深海立管是深海油气资源开发系统的关键装备，由于所处环境恶劣，服役时间长，为确保立管的安全，出于对其强度与疲劳考虑，须对各种激励作用下的振动进行模拟。浮体升沉运动引起的立管顶张力周期性变化导致的参数激励和海流经过立管产生的泄涡是诱发立管振动及其疲劳损伤的主因。随着水深增加，海流可能引发立管的高阶模态及多模态的振动响应，且结构自身轴向和横向存在耦合效应，时变轴向参数激励的存在将使立管动态响应的预测更加困难。本项目以探索参激和涡激联合作用而导致立管的振动特性为研究目标，设计一套可以施加顶端参数激励的立管模型实验装置，在海洋工程水池展开一系列拖曳实验研究。同时，结合基于经验的尾流振子模型进行数值模拟，拟合尾流振子模型中的经验参数，通过比较立管在单纯涡激作用和参激-涡激联合作用下顺流向和横流向的振动响应，分析不同参数组合工况下参数激励对涡激振动的影响，阐明联合激励作用下深海立管动力响应的内在机制。
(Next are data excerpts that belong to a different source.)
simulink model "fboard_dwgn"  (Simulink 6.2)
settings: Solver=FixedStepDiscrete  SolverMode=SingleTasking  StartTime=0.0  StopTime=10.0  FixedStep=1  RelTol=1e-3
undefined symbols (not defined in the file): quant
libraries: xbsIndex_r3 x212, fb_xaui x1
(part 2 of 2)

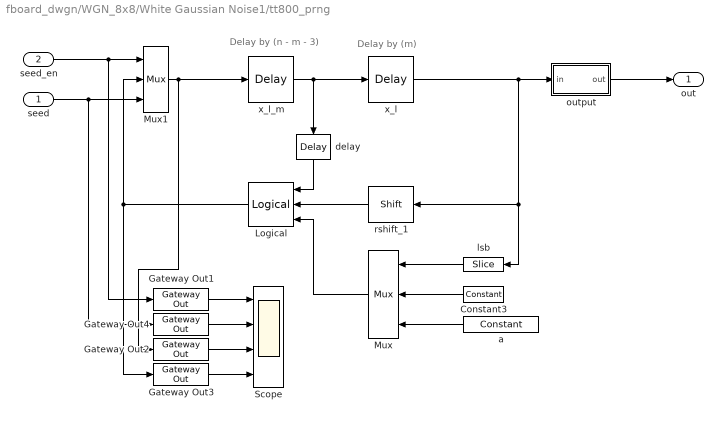
== system fboard_dwgn/WGN_8x8/White Gaussian Noise1/tt800_prng ==
  note: Delay by (n - m - 3)
  note: Delay by (m)
  seed : Inport  Port=1  LatchInput=off
  seed_en : Inport  Port=2  LatchInput=off
  Constant3 : xbsIndex_r3/Constant  Orientation=left  const=0  equ=P=C  arith_type=Unsigned  n_bits=32  bin_pt=0  opselect=C  inp2=PCIN>>17  opr=+  inp1=P  carry=CIN  iostate=0  explicit_period=off  period=1  dbl_ovrd=off
  Gateway Out{1..4} (4 alike) : xbsIndex_r3/Gateway Out  output_type=Double  nbits=8  bin_pt=6  arith_type=Boolean  quantization=Truncate  overflow=Wrap  hdl_port=off  timing_constraint=None  locs_specified=off  LOCs={}  needs_fixed_name=off  show_param=off
      settings: xl_area=[0 0 0 0 0 0 0]
  Logical : xbsIndex_r3/Logical  Orientation=left  logical_function=XOR  inputs=3  precision=Full  arith_type=Unsigned  n_bits=8  bin_pt=2  align_bp=off  latency=1  explicit_period=off  period=1  en=off  dbl_ovrd=off  show_param=on
      settings: xl_area=[32 32 0 32 0 0 0]
  Mux : xbsIndex_r3/Mux  Orientation=left  inputs=2  precision=Full  arith_type="Signed  (2's comp)"  n_bits=8  bin_pt=2  quantization=Truncate  overflow=Wrap  latency=1  explicit_period=off  period=1  en=off  dbl_ovrd=off  show_param=off  mux_type=off  use_rpm=off  gen_core=off
      settings: xl_area=[16 32 0 32 0 0 0]
  Mux1 : xbsIndex_r3/Mux  inputs=2  precision=Full  arith_type="Signed  (2's comp)"  n_bits=8  bin_pt=2  quantization=Truncate  overflow=Wrap  latency=1  explicit_period=on  period=1  en=off  dbl_ovrd=off  show_param=on  mux_type=off  use_rpm=off  gen_core=off
      settings: xl_area=[16 32 0 32 0 0 0]
  Scope : Scope  NumInputPorts=4
      settings: YMin=-5~-5~-5~-5  YMax=5~5~5~5
  a : xbsIndex_r3/Constant  Orientation=left  const=hex2dec('8EBFD028')  equ=P=C  arith_type=Unsigned  n_bits=32  bin_pt=0  opselect=C  inp2=PCIN>>17  opr=+  inp1=P  carry=CIN  iostate=0  explicit_period=off  period=1  dbl_ovrd=off
  delay : xbsIndex_r3/Delay  Orientation=down  latency=1  reg_retiming=off  explicit_period=off  period=1  en=off  accept_only_valid=off  init_zero=on  dbl_ovrd=off  show_param=off
      settings: xl_area=[16 32 0 0 0 0 0]
  lsb : xbsIndex_r3/Slice  Orientation=left  mode=Lower Bit Location + Width  nbits=1  bit1=0  base1=MSB of Input  bit0=0  base0=LSB of Input  boolean_output=off  explicit_period=off  period=1  dbl_ovrd=off
  output : Subsystem
  rshift_1 : xbsIndex_r3/Shift  Orientation=left  shift_dir=Right  shift_bits=1  precision=User Defined  arith_type=Unsigned  n_bits=32  bin_pt=0  quantization=Truncate  overflow=Wrap  latency=1  explicit_period=off  period=1  en=off  dbl_ovrd=off  show_param=off
      settings: xl_area=[0 32 0 0 0 0 0]
  x_l : xbsIndex_r3/Delay  latency=7  reg_retiming=off  explicit_period=off  period=1  en=off  accept_only_valid=off  init_zero=on  dbl_ovrd=off  show_param=off
      settings: xl_area=[16 32 0 32 0 0 0]
  x_l_m : xbsIndex_r3/Delay  latency=25-7-3  reg_retiming=off  explicit_period=off  period=1  en=off  accept_only_valid=off  init_zero=on  dbl_ovrd=off  show_param=off
      settings: xl_area=[16 32 0 32 0 0 0]
  out : Outport
  wires:
  delay/1 -> Logical/1
  output/1(out) -> out/1
  Gateway Out3/1 -> Scope/4
  Gateway Out2/1 -> Scope/3
  Gateway Out4/1 -> Scope/2
  Gateway Out1/1 -> Scope/1
  seed/1 -> Mux1/3, Gateway Out4/1
  seed_en/1 -> Mux1/1, Gateway Out1/1
  Mux1/1 -> Gateway Out2/1, x_l_m/1
  Logical/1 -> Mux1/2, Gateway Out3/1
  Mux/1 -> Logical/3
  rshift_1/1 -> Logical/2
  a/1 -> Mux/3
  Constant3/1 -> Mux/2
  lsb/1 -> Mux/1
  x_l/1 -> output/1(in), rshift_1/1, lsb/1
  x_l_m/1 -> delay/1, x_l/1

== system fboard_dwgn/WGN_8x8/White Gaussian Noise1/tt800_seed_gen ==
  seed_in : Inport  Port=1  LatchInput=off
  ld : Inport  Port=2  LatchInput=off
  Expression : xbsIndex_r3/Expression  expression=ld | ld_ext  precision=Full  arith_type=Unsigned  n_bits=8  bin_pt=2  align_bp=on  latency=1  explicit_period=off  period=1  en=off  dbl_ovrd=off  show_param=on
      settings: xl_area=[0, 0, 0, 0, 0, 0, 0]
  LFSR : xbsIndex_r3/LFSR  lfsr_type=Fibonacci  gate_type=XOR  output_type=on  n_bits=32  bin_pt=0  arith_type=Unsigned  polynomial='C0000401'  rst_value=dec2hex(seed)  reloadable_seed=on  input_type=on  explicit_period=on  period=1  rst=off  en=off  dbl_ovrd=off  show_param=on  useSRL16s=off  use_rpm=off  gen_core=off
      settings: xl_area=[17 32 0 33 0 0 0]
  p24_extender : Subsystem
  r_edge_detect : Subsystem
  seed_out : Outport
  seed_en : Outport  Port=2
  wires:
  r_edge_detect/1(out) -> p24_extender/1(in)
  p24_extender/1(out) -> Expression/2
  ld/1 -> LFSR/2, r_edge_detect/1(in), Expression/1
  Expression/1 -> seed_en/1
  seed_in/1 -> LFSR/1
  LFSR/1 -> seed_out/1

== system fboard_dwgn/WGN_8x8/White Gaussian Noise1/u2n ==
  u : Inport  Port=1  LatchInput=off
  Gateway Out : xbsIndex_r3/Gateway Out  output_type=Double  nbits=8  bin_pt=6  arith_type=Boolean  quantization=Truncate  overflow=Wrap  hdl_port=off  timing_constraint=None  locs_specified=off  LOCs={}  needs_fixed_name=off  show_param=off
      settings: xl_area=[0 0 0 0 17 0 0]
  Gateway Out1 : xbsIndex_r3/Gateway Out  output_type=Double  nbits=8  bin_pt=6  arith_type=Boolean  quantization=Truncate  overflow=Wrap  hdl_port=off  timing_constraint=None  locs_specified=off  LOCs={}  needs_fixed_name=off  show_param=off
      settings: xl_area=[0 0 0 0 17 0 0]
  Scope : Scope  NumInputPorts=2
      settings: YMin=-5~-5  YMax=5~5
  SineCosine : xbsIndex_r3/SineCosine  mode=Sine and Cosine  neg_sin=off  neg_cos=off  n_bits=8  latency=2  sym_output=off  explicit_period=off  period=1  en=off  dbl_ovrd=off  show_param=on  mem_type=Block RAM  pipeline=on  use_rpm=on  gen_core=off
      settings: xl_area=[8 16 1 2 0 0 0]
  bottom_11 : xbsIndex_r3/Slice  mode=Lower Bit Location + Width  nbits=11  bit1=0  base1=MSB of Input  bit0=0  base0=LSB of Input  boolean_output=off  explicit_period=off  period=1  dbl_ovrd=off
  log_lut : xbsIndex_r3/ROM  depth=2^11  initVector=quant(sqrt(-2*log(linspace(2^-11,1,2^11))),2^-7)  arith_type=Unsigned  n_bits=9  bin_pt=7  latency=1  init_zero=on  explicit_period=off  period=1  rst=off  init_reg=0  en=off  dbl_ovrd=off  show_param=off  distributed_mem=off  use_rpm=off  gen_core=off
      settings: xl_area=[0 0 1 0 0 0 0]
  r_cos : xbsIndex_r3/Mult  precision=Full  arith_type="Signed  (2's comp)"  n_bits=8  bin_pt=2  quantization=Truncate  overflow=Wrap  latency=3  explicit_period=off  period=1  en=off  dbl_ovrd=off  show_param=on  mult_type=Parallel  oversample=2  use_embedded=on  pipeline=on  use_rpm=on  placement_style=Rectangular Shape  gen_core=off
      settings: xl_area=[18 34 0 17 0 1 0]
  r_sin : xbsIndex_r3/Mult  precision=Full  arith_type="Signed  (2's comp)"  n_bits=8  bin_pt=2  quantization=Truncate  overflow=Wrap  latency=3  explicit_period=off  period=1  en=off  dbl_ovrd=off  show_param=on  mult_type=Parallel  oversample=2  use_embedded=on  pipeline=on  use_rpm=on  placement_style=Rectangular Shape  gen_core=off
      settings: xl_area=[18 34 0 17 0 1 0]
  top_11 : xbsIndex_r3/Slice  mode=Upper Bit Location + Width  nbits=11  bit1=0  base1=MSB of Input  bit0=0  base0=MSB of Input  boolean_output=off  explicit_period=off  period=1  dbl_ovrd=off
  n1 : Outport
  n2 : Outport  Port=2
  wires:
  Gateway Out/1 -> Scope/1
  Gateway Out1/1 -> Scope/2
  bottom_11/1 -> SineCosine/1
  top_11/1 -> log_lut/1
  u/1 -> top_11/1, bottom_11/1
  SineCosine/2 -> r_cos/2
  log_lut/1 -> r_sin/1, r_cos/1
  SineCosine/1 -> r_sin/2
  r_sin/1 -> Gateway Out/1, n1/1
  r_cos/1 -> Gateway Out1/1, n2/1

== system fboard_dwgn/WGN_8x8/concat0/ri_to_c ==
  re : Inport  Port=1  LatchInput=off
  im : Inport  Port=2  LatchInput=off
  concat : xbsIndex_r3/Concat  num_inputs=2  explicit_period=off  period=1  dbl_ovrd=off
  force_im : xbsIndex_r3/Reinterpret  force_arith_type=on  arith_type=Unsigned  force_bin_pt=on  bin_pt=0  force_valid=on
  force_re : xbsIndex_r3/Reinterpret  force_arith_type=on  arith_type=Unsigned  force_bin_pt=on  bin_pt=0  force_valid=on
  c : Outport
  wires:
  force_re/1 -> concat/1
  force_im/1 -> concat/2
  re/1 -> force_re/1
  concat/1 -> c/1
  im/1 -> force_im/1

== system fboard_dwgn/WGN_8x8/concat0/ri_to_c1 ==
  re : Inport  Port=1  LatchInput=off
  im : Inport  Port=2  LatchInput=off
  concat : xbsIndex_r3/Concat  num_inputs=2  explicit_period=off  period=1  dbl_ovrd=off
  force_im : xbsIndex_r3/Reinterpret  force_arith_type=on  arith_type=Unsigned  force_bin_pt=on  bin_pt=0  force_valid=on
  force_re : xbsIndex_r3/Reinterpret  force_arith_type=on  arith_type=Unsigned  force_bin_pt=on  bin_pt=0  force_valid=on
  c : Outport
  wires:
  im/1 -> force_im/1
  concat/1 -> c/1
  re/1 -> force_re/1
  force_im/1 -> concat/2
  force_re/1 -> concat/1

== system fboard_dwgn/WGN_8x8/concat0/ri_to_c2 ==
  re : Inport  Port=1  LatchInput=off
  im : Inport  Port=2  LatchInput=off
  concat : xbsIndex_r3/Concat  num_inputs=2  explicit_period=off  period=1  dbl_ovrd=off
  force_im : xbsIndex_r3/Reinterpret  force_arith_type=on  arith_type=Unsigned  force_bin_pt=on  bin_pt=0  force_valid=on
  force_re : xbsIndex_r3/Reinterpret  force_arith_type=on  arith_type=Unsigned  force_bin_pt=on  bin_pt=0  force_valid=on
  c : Outport
  wires:
  force_re/1 -> concat/1
  force_im/1 -> concat/2
  re/1 -> force_re/1
  concat/1 -> c/1
  im/1 -> force_im/1

== system fboard_dwgn/pfb8/fir8/pfb_fir_0 ==
  pol1_in : Inport  Port=1  LatchInput=off
  pol2_in : Inport  Port=2  LatchInput=off
  sync_in : Inport  Port=3  LatchInput=off
  pfb_fir : xbsIndex_r3/Black Box  init_code=pfb_fir_config  sim_method=Inactive  show_param=off
      settings: xl_area=[0, 0, 0, 0, 0, 0, 0]
  pol1_out : Outport
  pol2_out : Outport  Port=2
  sync_out : Outport  Port=3
  wires:
  pol1_in/1 -> pfb_fir/1
  pfb_fir/1 -> pol1_out/1
  pol2_in/1 -> pfb_fir/2
  pfb_fir/2 -> pol2_out/1
  sync_in/1 -> pfb_fir/3
  pfb_fir/3 -> sync_out/1

== system fboard_dwgn/pfb8/fir8/pfb_fir_1 ==
  pol1_in : Inport  Port=1  LatchInput=off
  pol2_in : Inport  Port=2  LatchInput=off
  sync_in : Inport  Port=3  LatchInput=off
  pfb_fir : xbsIndex_r3/Black Box  init_code=pfb_fir_config  sim_method=Inactive  show_param=off
      settings: xl_area=[0, 0, 0, 0, 0, 0, 0]
  pol1_out : Outport
  pol2_out : Outport  Port=2
  sync_out : Outport  Port=3
  wires:
  pfb_fir/3 -> sync_out/1
  sync_in/1 -> pfb_fir/3
  pfb_fir/2 -> pol2_out/1
  pol2_in/1 -> pfb_fir/2
  pfb_fir/1 -> pol1_out/1
  pol1_in/1 -> pfb_fir/1

== system fboard_dwgn/pfb8/pfb_fft8/quadplex_fft_0 ==
  in0 : Inport  Port=1  LatchInput=off
  in1 : Inport  Port=2  LatchInput=off
  in2 : Inport  Port=3  LatchInput=off
  in3 : Inport  Port=4  LatchInput=off
  sync_in : Inport  Port=5  LatchInput=off
  pfb_fft : xbsIndex_r3/Black Box  init_code=pfb_fft_config  sim_method=Inactive  show_param=off
      settings: xl_area=[0, 0, 0, 0, 0, 0, 0]
  out0 : Outport
  out1 : Outport  Port=2
  out2 : Outport  Port=3
  out3 : Outport  Port=4
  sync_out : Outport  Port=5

深海立管在服役期内承受多种荷载作用，求得其振动响应及疲劳寿命是设计中的一个重要环节。在动力学中，上部浮式平台的升沉运动会引起立管顶张力产生周期性的变化，称为参数激励；同时，海流绕过立管时会引发周期性泄涡，产生涡激振动。本项目从试验和数值仿真两方面研究了参激和涡激联合作用下的立管振动特性。在试验方面，进行了长细比为300的立管模型水池拖曳试验。试验中的参激加载装置通过伺服电机驱动滚珠丝杠的方法实现，而海流则通过拖车的水平运动来模拟。通过实测数据比较了涡激单独作用时和参激和涡激联合作用时立管的振动响应，发现当参激频率接近“锁定”频率时会显著增大涡激响应的幅值，并且参激的加入可引发立管控制模态的改变，促使控制模态向低阶迁移。在数值方面，根据Floquet理论，通过应用扩展精细积分方法计算状态转移矩阵，可以精确快速地确定参数激励作用时引发立管响应不稳定的区域；项目还研究了立管在不稳定区的动态响应，将其区分三种不同模式。此外，分别采用轴向和横向非线性耦合模型与传统的欧拉梁模型，对立管受轴向和横向联合激励下的响应进行了对比，发现线性模型由于忽略了横向和轴向的耦合作用，其仿真结果偏小。研究还通过采用改进的尾流振子模型，对参数激励和涡激联合作用下的立管响应进行数值模拟，并与单独激励作用下的响应对比，结果表明在参数激励频率接近泄涡频率时，会增大涡激响应的幅值；而当参数激励幅值较大时，立管的响应被参数共振主导，而流引发的周期性泄涡频率则被扰乱。